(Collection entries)
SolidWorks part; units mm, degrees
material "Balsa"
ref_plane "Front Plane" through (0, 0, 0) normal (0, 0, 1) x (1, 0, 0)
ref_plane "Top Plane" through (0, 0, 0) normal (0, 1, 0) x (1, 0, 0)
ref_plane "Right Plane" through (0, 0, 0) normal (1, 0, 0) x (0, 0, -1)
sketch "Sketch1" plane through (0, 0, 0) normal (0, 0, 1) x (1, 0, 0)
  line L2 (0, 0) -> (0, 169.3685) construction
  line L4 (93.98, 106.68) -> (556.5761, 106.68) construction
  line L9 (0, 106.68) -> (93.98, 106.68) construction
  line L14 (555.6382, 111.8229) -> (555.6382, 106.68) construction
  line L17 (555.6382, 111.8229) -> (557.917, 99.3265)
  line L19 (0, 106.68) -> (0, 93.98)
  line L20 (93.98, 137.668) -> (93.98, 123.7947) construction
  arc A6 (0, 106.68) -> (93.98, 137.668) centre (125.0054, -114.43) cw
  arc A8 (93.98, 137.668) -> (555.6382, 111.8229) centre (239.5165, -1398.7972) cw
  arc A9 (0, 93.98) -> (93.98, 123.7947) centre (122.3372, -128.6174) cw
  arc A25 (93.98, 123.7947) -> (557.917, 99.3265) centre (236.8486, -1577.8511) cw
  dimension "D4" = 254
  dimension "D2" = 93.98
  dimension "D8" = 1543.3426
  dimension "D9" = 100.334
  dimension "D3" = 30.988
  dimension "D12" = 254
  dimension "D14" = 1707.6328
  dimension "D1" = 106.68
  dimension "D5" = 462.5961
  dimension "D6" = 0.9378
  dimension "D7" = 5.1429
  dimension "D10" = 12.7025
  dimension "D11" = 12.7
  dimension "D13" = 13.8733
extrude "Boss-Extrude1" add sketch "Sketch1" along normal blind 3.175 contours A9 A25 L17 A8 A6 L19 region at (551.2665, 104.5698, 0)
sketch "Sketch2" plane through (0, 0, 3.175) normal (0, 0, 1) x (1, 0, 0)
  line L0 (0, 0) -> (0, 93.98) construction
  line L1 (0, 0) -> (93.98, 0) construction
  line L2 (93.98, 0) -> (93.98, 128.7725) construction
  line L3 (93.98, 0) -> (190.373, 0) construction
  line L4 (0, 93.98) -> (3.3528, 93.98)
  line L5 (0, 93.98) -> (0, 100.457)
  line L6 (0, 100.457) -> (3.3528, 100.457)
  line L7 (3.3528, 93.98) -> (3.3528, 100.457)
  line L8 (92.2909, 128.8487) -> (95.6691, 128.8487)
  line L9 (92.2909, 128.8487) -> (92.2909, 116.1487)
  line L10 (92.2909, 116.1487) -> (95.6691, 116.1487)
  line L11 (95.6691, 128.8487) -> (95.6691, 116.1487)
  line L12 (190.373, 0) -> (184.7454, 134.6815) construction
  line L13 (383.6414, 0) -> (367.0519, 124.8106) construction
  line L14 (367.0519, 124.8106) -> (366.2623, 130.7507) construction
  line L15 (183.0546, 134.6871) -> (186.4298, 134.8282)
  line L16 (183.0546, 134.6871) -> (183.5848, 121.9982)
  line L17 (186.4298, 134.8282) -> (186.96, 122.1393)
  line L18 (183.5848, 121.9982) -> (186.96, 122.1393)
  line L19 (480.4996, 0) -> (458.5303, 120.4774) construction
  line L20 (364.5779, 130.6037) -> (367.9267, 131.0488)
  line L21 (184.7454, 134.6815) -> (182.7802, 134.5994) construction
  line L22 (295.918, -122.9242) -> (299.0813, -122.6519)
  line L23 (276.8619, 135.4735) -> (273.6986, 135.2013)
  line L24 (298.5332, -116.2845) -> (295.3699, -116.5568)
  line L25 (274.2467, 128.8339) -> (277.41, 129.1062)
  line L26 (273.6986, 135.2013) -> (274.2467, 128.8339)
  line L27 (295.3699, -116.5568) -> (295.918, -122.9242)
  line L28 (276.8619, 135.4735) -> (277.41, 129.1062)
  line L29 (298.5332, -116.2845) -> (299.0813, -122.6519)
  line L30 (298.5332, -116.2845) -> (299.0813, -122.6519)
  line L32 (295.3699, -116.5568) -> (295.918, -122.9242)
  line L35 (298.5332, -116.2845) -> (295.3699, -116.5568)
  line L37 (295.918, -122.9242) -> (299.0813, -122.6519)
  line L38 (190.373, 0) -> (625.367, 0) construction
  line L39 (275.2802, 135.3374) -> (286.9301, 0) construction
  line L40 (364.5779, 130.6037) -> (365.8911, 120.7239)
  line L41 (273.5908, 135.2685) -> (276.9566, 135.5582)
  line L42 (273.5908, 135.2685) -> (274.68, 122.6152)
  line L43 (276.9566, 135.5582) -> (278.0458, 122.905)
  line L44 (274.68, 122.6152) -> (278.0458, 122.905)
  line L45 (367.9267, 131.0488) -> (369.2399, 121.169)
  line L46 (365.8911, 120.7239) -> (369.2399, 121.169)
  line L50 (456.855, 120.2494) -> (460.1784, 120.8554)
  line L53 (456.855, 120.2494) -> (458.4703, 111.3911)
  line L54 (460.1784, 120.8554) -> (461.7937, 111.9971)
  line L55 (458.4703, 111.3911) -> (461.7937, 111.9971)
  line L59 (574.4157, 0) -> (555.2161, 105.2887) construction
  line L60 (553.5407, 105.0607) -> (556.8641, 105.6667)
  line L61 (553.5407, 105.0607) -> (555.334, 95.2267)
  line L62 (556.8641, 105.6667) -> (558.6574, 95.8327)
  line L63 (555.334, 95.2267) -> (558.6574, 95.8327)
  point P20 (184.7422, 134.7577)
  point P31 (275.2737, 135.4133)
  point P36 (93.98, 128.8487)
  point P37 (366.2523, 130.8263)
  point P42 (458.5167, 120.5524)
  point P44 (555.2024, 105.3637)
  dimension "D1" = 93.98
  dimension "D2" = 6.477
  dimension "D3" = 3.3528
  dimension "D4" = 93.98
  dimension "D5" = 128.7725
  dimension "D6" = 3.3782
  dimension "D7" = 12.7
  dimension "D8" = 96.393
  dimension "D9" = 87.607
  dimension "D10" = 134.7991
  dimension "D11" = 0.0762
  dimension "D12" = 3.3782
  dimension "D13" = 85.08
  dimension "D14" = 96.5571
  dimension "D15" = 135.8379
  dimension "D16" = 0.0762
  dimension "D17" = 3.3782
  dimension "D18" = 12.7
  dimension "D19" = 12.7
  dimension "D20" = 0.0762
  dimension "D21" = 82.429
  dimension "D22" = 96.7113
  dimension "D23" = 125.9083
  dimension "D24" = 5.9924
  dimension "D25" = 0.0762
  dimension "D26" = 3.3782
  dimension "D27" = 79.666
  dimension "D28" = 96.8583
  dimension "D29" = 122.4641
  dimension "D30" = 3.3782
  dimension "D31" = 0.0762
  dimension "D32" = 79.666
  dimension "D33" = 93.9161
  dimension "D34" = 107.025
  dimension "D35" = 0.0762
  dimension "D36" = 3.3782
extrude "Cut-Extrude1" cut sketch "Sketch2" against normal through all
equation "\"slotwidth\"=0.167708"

## What you need to do
Of the lines in the data, report each one containing the string "extrude".

## Response
extrude "Boss-Extrude1" add sketch "Sketch1" along normal blind 3.175 contours A9 A25 L17 A8 A6 L19 region at (551.2665, 104.5698, 0)
extrude "Cut-Extrude1" cut sketch "Sketch2" against normal through all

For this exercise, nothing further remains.